Abstract

Our goal was to determine the efficacy of a dedicated protocol for pancreatic MRI using fat suppression, oblique plane orientation, and barium as an oral contrast agent. Fifty-two patients were enrolled in our study. In each patient, the stomach and duodenum were opacified with 300 ml oral barium. In all patients conventional SE T1- and T2-weighted images and fat-suppressed axial and oblique T1-weighted images of the upper abdomen and the pancreas, respectively, were obtained. The different T1-weighted sequences were compared for visualization of the pancreas and for lesion conspicuity. Oblique images were obtained in a plane parallel to the overall axis of the pancreas.
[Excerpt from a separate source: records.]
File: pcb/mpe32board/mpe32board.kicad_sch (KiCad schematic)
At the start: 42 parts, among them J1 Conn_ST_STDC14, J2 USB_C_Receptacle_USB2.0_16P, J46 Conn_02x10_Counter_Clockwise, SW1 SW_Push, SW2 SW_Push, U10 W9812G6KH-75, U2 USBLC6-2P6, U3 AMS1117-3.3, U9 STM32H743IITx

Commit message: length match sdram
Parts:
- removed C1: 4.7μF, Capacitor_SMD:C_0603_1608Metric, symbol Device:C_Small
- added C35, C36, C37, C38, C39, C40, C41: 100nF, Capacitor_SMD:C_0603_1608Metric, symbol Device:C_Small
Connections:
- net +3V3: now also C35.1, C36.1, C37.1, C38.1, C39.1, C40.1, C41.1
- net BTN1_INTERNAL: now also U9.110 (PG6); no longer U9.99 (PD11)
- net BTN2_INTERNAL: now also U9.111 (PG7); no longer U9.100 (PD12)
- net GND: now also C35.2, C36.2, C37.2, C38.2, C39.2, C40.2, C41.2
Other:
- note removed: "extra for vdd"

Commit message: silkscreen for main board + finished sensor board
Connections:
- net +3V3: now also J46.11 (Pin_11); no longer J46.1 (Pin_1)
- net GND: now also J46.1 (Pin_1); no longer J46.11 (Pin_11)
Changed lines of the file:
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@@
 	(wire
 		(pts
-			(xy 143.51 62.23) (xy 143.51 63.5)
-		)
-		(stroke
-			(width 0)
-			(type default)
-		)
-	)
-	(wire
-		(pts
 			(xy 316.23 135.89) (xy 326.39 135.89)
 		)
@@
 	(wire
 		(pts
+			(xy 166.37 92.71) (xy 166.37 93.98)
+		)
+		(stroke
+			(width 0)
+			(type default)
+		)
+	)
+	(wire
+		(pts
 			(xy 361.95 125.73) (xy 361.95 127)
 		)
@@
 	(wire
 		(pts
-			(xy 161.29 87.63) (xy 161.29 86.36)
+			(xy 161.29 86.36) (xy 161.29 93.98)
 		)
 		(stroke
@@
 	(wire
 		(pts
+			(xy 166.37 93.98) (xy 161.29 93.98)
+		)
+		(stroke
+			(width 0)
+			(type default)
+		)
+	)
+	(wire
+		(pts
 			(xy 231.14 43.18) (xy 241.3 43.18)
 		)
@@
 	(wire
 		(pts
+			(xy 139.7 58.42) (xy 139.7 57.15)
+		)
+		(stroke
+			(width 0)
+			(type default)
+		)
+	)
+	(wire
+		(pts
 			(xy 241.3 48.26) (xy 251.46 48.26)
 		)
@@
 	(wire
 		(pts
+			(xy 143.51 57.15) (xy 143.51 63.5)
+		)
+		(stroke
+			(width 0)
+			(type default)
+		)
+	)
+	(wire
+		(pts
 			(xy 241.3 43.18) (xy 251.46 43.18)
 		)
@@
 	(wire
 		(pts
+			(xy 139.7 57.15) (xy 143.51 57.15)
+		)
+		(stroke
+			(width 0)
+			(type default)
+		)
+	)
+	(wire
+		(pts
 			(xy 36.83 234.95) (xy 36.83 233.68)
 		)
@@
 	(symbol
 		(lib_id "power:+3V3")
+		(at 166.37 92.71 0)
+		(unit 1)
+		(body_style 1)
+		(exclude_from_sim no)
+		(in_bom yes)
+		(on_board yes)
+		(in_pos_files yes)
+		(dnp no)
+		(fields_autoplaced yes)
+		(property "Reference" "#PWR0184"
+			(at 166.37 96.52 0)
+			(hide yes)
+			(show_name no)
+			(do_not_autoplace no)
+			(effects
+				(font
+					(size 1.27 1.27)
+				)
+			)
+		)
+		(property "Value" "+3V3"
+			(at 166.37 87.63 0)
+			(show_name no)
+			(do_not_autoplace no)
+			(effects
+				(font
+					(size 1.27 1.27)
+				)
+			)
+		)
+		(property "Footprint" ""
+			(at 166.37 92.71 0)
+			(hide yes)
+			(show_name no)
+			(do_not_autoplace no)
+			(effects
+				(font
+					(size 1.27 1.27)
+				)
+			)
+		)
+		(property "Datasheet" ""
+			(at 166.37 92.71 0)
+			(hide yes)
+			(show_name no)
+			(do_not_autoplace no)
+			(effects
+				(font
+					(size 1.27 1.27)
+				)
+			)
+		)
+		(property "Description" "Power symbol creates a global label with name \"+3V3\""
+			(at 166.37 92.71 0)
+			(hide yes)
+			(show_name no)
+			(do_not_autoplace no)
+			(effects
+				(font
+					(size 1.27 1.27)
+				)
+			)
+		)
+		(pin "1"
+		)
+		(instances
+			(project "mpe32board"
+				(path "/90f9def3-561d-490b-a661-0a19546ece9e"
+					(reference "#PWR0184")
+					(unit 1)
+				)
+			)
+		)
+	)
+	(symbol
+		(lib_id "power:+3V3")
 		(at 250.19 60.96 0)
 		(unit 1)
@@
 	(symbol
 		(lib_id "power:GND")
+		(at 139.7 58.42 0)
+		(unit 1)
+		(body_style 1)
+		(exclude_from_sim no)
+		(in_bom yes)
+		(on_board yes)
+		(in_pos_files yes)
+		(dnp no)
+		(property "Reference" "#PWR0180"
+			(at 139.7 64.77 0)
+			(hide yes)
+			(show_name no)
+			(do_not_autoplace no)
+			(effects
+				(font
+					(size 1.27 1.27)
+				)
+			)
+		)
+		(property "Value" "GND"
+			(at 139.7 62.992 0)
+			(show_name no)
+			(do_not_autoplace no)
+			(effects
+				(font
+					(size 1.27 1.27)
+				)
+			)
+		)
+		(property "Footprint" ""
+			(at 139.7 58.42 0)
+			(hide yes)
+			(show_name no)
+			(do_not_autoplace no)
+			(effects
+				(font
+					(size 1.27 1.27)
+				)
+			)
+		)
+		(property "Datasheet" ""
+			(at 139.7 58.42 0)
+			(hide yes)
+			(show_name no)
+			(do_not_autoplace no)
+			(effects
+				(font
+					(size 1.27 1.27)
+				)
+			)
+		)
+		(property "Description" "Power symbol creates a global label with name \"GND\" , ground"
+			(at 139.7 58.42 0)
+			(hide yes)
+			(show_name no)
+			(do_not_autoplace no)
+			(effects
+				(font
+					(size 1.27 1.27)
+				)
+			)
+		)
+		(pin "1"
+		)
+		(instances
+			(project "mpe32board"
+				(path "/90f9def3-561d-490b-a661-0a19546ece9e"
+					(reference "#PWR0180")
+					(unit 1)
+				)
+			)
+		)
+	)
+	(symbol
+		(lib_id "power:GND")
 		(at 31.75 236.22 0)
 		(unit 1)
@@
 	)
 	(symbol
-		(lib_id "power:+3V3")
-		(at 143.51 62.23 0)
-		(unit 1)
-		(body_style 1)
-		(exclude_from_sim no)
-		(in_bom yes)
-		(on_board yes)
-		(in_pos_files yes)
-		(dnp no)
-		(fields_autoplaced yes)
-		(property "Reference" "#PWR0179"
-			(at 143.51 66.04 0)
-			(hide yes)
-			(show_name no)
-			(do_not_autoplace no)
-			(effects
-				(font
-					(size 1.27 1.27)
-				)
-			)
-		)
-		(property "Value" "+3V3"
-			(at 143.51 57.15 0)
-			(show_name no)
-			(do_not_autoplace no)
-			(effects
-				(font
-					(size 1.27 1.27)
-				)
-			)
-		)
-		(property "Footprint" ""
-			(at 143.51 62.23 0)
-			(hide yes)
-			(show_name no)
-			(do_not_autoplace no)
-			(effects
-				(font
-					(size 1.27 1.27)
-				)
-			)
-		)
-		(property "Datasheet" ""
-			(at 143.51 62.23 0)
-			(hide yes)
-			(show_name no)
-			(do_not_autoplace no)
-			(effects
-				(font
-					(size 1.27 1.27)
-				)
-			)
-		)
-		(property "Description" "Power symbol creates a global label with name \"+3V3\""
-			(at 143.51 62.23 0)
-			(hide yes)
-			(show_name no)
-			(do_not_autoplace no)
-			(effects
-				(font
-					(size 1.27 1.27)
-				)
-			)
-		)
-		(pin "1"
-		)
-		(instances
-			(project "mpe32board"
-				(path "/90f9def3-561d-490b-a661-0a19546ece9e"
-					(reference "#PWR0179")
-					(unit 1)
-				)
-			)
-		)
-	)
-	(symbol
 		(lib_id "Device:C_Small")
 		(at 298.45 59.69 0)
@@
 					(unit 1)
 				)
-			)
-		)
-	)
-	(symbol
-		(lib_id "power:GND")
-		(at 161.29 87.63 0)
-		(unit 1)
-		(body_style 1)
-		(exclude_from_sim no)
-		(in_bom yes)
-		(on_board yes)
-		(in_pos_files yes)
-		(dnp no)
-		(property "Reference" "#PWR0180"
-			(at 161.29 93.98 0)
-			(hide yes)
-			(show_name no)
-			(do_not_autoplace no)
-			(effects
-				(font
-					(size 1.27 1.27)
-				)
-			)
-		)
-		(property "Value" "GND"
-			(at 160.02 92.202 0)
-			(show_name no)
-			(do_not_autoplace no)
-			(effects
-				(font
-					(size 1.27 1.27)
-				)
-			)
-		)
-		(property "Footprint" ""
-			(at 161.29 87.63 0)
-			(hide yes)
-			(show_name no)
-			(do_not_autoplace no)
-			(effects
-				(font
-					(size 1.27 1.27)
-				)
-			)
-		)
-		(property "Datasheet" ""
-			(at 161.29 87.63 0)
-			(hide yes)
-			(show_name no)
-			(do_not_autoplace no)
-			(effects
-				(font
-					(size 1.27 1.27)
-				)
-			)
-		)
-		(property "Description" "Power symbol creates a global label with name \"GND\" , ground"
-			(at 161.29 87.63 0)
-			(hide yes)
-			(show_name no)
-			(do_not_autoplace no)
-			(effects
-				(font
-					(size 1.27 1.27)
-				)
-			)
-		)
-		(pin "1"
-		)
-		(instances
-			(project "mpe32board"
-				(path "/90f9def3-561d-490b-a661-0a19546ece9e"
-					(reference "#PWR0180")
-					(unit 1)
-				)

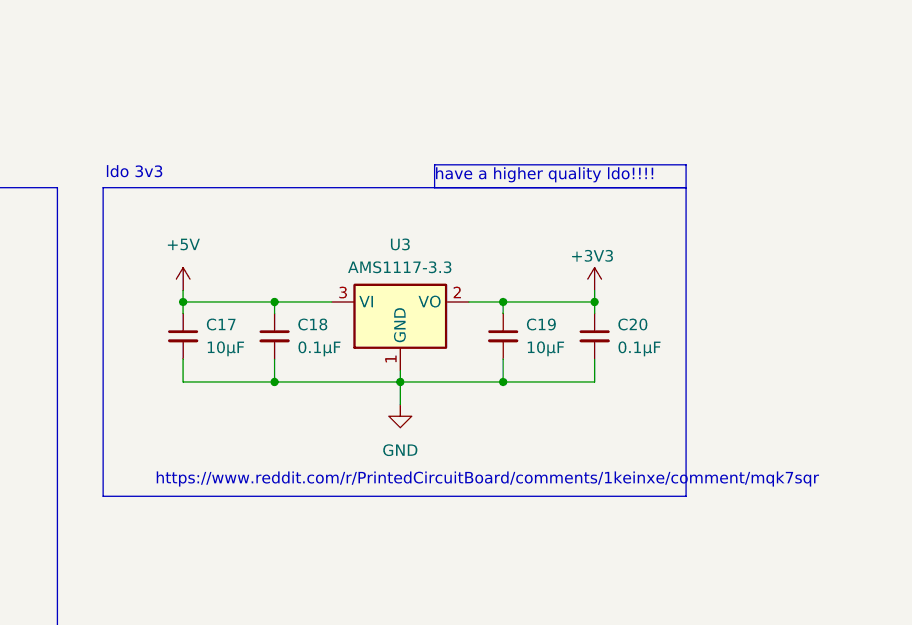
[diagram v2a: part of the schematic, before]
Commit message: add lcd level shifter, lm1117 ldo
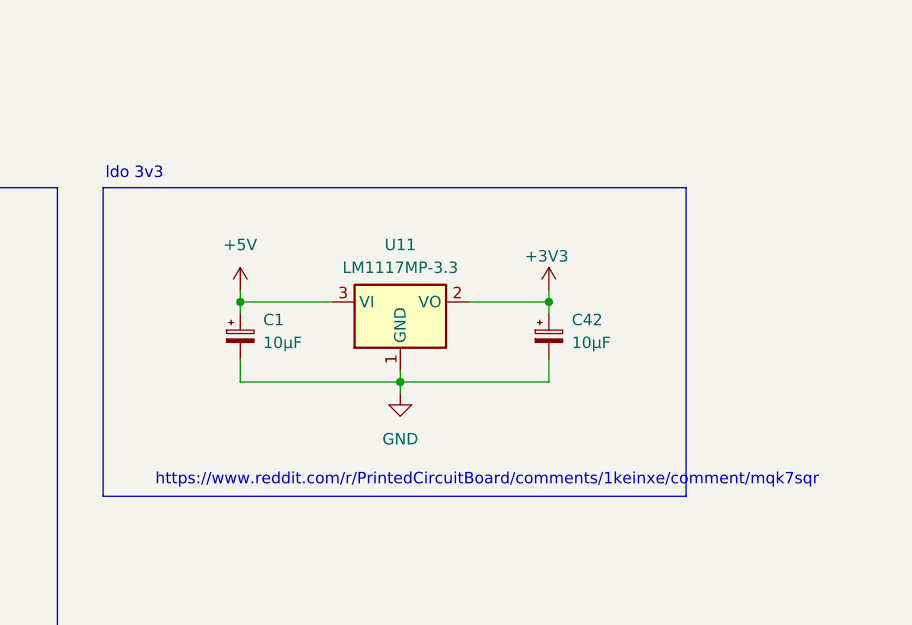
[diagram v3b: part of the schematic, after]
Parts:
- removed C17, C19: 10μF, Capacitor_SMD:C_0603_1608Metric, symbol Device:C_Small
- removed C18, C20: 0.1μF, Capacitor_SMD:C_0603_1608Metric, symbol Device:C_Small
- removed U3: AMS1117-3.3, Package_TO_SOT_SMD:SOT-223-3_TabPin2, symbol Regulator_Linear:AMS1117-3.3
- added C1, C42: 10μF, Capacitor_SMD:C_1206_3216Metric, symbol Device:C_Polarized_Small
- added U11: LM1117MP-3.3, Package_TO_SOT_SMD:SOT-223-3_TabPin2, symbol Regulator_Linear:LM1117MP-3.3
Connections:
- net +3V3: now also C42.1, U11.2 (VO)
- net +5V: now also C1.1, U11.3 (VI)
- net GND: now also C1.2, C42.2, U11.1 (GND)
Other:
- note removed: "have a higher quality ldo!!!!"

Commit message: fix power scheme and add usb diode + more
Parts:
- added C17: 100nF, Capacitor_SMD:C_0603_1608Metric, symbol Device:C_Small
- added C43: 1μF, Capacitor_SMD:C_0603_1608Metric, symbol Device:C_Small
- added D1: SS14, Diode_SMD:D_SMA, symbol Diode:SS14
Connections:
- net +3V3: now also C17.1, C43.1
- net +5V: now also D1.1 (K); no longer J2.A4 (VBUS), J2.A9 (VBUS), J2.B4 (VBUS), J2.B9 (VBUS)
- net GND: now also C17.2, C43.2
- new net: D1.2 (A), J2.A4 (VBUS), J2.A9 (VBUS), J2.B4 (VBUS), J2.B9 (VBUS)
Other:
- note added: "for vref+"
- note removed: "optional 100nF + 1x1μF"

All sequences were qualitatively assessed by two independent blinded readers and statistically compared. The combination of fat suppression and oblique imaging significantly improved the visualization of the different anatomic portions of the normal pancreas as well as pathologic findings in the pancreas in 70-92% of the cases compared with conventional axial T1-weighted imaging (p < 0.001) and in 52-75% of the cases compared with axial fat-suppressed T1-weighted imaging (p < 0.001), respectively. Increased image noise and blurring artifacts resulted in slight image degradation after Gd-DTPA administration. Barium as a duodenal contrast agent was beneficial for delineation of the pancreatic head from the adjacent bowel structures. In pancreatic imaging, fat-suppressed T1-weighted imaging is superior to conventional T1-weighted imaging, and oblique imaging is superior to axial imaging. Intravenous Gd-DTPA administration was useful only in selected cases.